(Collected data)
━━━━━━━━━━━━━━━━

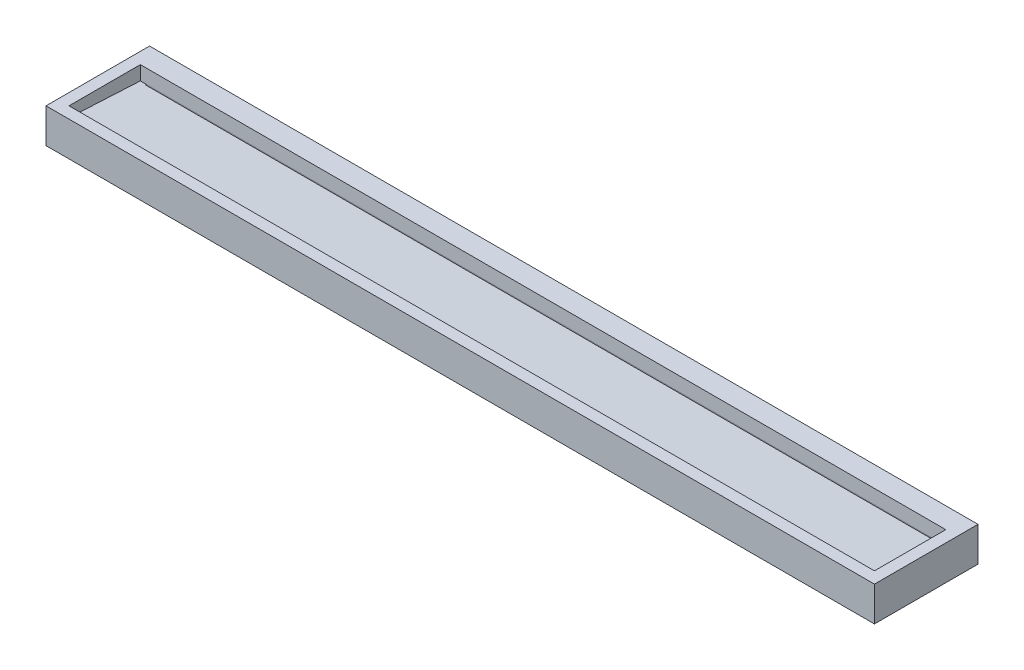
from build123d import *

# Parameters (mm, degrees)
SKETCH1_W                 = 3600
SKETCH1_H                 = 450
BODY_DEPTH                = 150
BASIN_START               = -50
BASIN_CUTOUT_DEPTH        = 3500
SHELL1_T                  = -12
SKETCH3_W                 = 3576
SKETCH3_H                 = 276
BACK_CUTOUT_DEPTH         = 12
SKETCH4_W                 = 3600
SKETCH4_H                 = 12
SUPPORT_RIBS_DEPTH        = 97
SKETCH8_W                 = 190
SKETCH8_H                 = 23.73712027
WASTE_PLATE_CUTOUT_DEPTH  = 12
SKETCH11_R                = 4
BRACKET_HOLE_DEPTH        = 12
HOLE_PATTERN_COUNT        = 61
HOLE_PATTERN_PITCH        = 58.8333
SKETCH12_W                = 3576
SKETCH12_H                = 4
BRACKET_SLOT_DEPTH        = 6
SKETCH9_W                 = 3450
SKETCH9_H                 = 4
DRAINAGE_SLOT_LONG_DEPTH  = 6
SKETCH10_W                = 140
SKETCH10_H                = 4
DRAINAGE_SLOT_SHORT_DEPTH = 12
USER_SPACING_COUNT        = 6
USER_SPACING_PITCH        = 600


with BuildPart() as part:
    # Sketch1 → Body (new body)
    with BuildSketch(Plane(origin=(0, 0, 0), x_dir=(1, 0, 0), z_dir=(0, 1, 0))):
        Rectangle(SKETCH1_W, SKETCH1_H)
    extrude(amount=BODY_DEPTH)

    # Sketch2 → Basin Cutout (cut)
    with BuildSketch(Plane(origin=(1800, 0, 0), x_dir=(0, 0, -1), z_dir=(1, 0, 0)).offset(BASIN_START)):
        Polygon((-175, 150), (-175, 105), (135, 88.753588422), (135, 150), align=None)
    extrude(amount=-BASIN_CUTOUT_DEPTH, mode=Mode.SUBTRACT)

    # Shell1
    shell1_openings = [part.faces().sort_by_distance(p)[0] for p in [
        (0, 0, 0),
    ]]
    offset(amount=SHELL1_T, openings=shell1_openings, kind=Kind.INTERSECTION)

    # Sketch3 → Back Cutout (cut)
    with BuildSketch(Plane(origin=(0, 0, -225), x_dir=(-1, 0, 0), z_dir=(0, 0, -1))):
        Rectangle(SKETCH3_W, SKETCH3_H)
    extrude(amount=-BACK_CUTOUT_DEPTH, mode=Mode.SUBTRACT)

    # Sketch4 → Support Ribs (add)
    with BuildSketch(Plane(origin=(0, 150, 0), x_dir=(1, 0, 0), z_dir=(0, 1, 0))):
        with Locations((0, 141)):
            Rectangle(SKETCH4_W, SKETCH4_H)
        with Locations((0, -181)):
            Rectangle(SKETCH4_W, SKETCH4_H)
    extrude(amount=-SUPPORT_RIBS_DEPTH)

    # Sketch8 → Waste Plate Cutout (cut)
    with BuildSketch(Plane(origin=(0, 0, -147), x_dir=(-1, 0, 0), z_dir=(0, 0, -1))):
        with Locations((-1500, 64.868560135)):
            Rectangle(SKETCH8_W, SKETCH8_H)
    waste_plate_cutout = extrude(amount=-WASTE_PLATE_CUTOUT_DEPTH, mode=Mode.SUBTRACT)

    # Sketch11 → Bracket Hole (cut)
    with BuildSketch(Plane(origin=(0, 0, 175), x_dir=(-1, 0, 0), z_dir=(0, 0, -1))):
        with Locations((-1765, 65.8)):
            Circle(SKETCH11_R)
    bracket_hole = extrude(amount=-BRACKET_HOLE_DEPTH, mode=Mode.SUBTRACT)

    # Hole Pattern: Bracket Hole ×61
    with Locations(*[(-i * HOLE_PATTERN_PITCH, 0, 0) for i in range(1, HOLE_PATTERN_COUNT)]):
        add(bracket_hole, mode=Mode.SUBTRACT)

    # Sketch12 → Bracket Slot (cut)
    with BuildSketch(Plane(origin=(0, 0, -147), x_dir=(-1, 0, 0), z_dir=(0, 0, -1))):
        with Locations((0, 63)):
            Rectangle(SKETCH12_W, SKETCH12_H)
    extrude(amount=-BRACKET_SLOT_DEPTH, mode=Mode.SUBTRACT)

    # Sketch9 → Drainage Slot Long (cut)
    with BuildSketch(Plane(origin=(0, 95.566158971, -5.008410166), x_dir=(1, 0, 0), z_dir=(0, 0.9986295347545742, -0.052335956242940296))):
        with Locations((0, 128.169983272)):
            Rectangle(SKETCH9_W, SKETCH9_H)
    extrude(amount=-DRAINAGE_SLOT_LONG_DEPTH, mode=Mode.SUBTRACT)

    # Sketch10 → Drainage Slot Short (cut)
    with BuildSketch(Plane(origin=(0, 95.566158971, -5.008410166), x_dir=(1, 0, 0), z_dir=(0, 0.9986295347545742, -0.052335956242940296))):
        with Locations((1500, 128.169983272)):
            Rectangle(SKETCH10_W, SKETCH10_H)
    drainage_slot_short = extrude(amount=-DRAINAGE_SLOT_SHORT_DEPTH, mode=Mode.SUBTRACT)

    # User Spacing: Waste Plate Cutout, Drainage Slot Short ×6
    with Locations(*[(-i * USER_SPACING_PITCH, 0, 0) for i in range(1, USER_SPACING_COUNT)]):
        add(waste_plate_cutout, mode=Mode.SUBTRACT)
        add(drainage_slot_short, mode=Mode.SUBTRACT)


solid = part.part

━━━━━━━━━━━━━━━━

▶ **WHAT TO WORK ON**
Could you state how many lines of the data include the word "range"? Only the number is needed.

▶ **OUTPUT FOR THIS EXERCISE**
2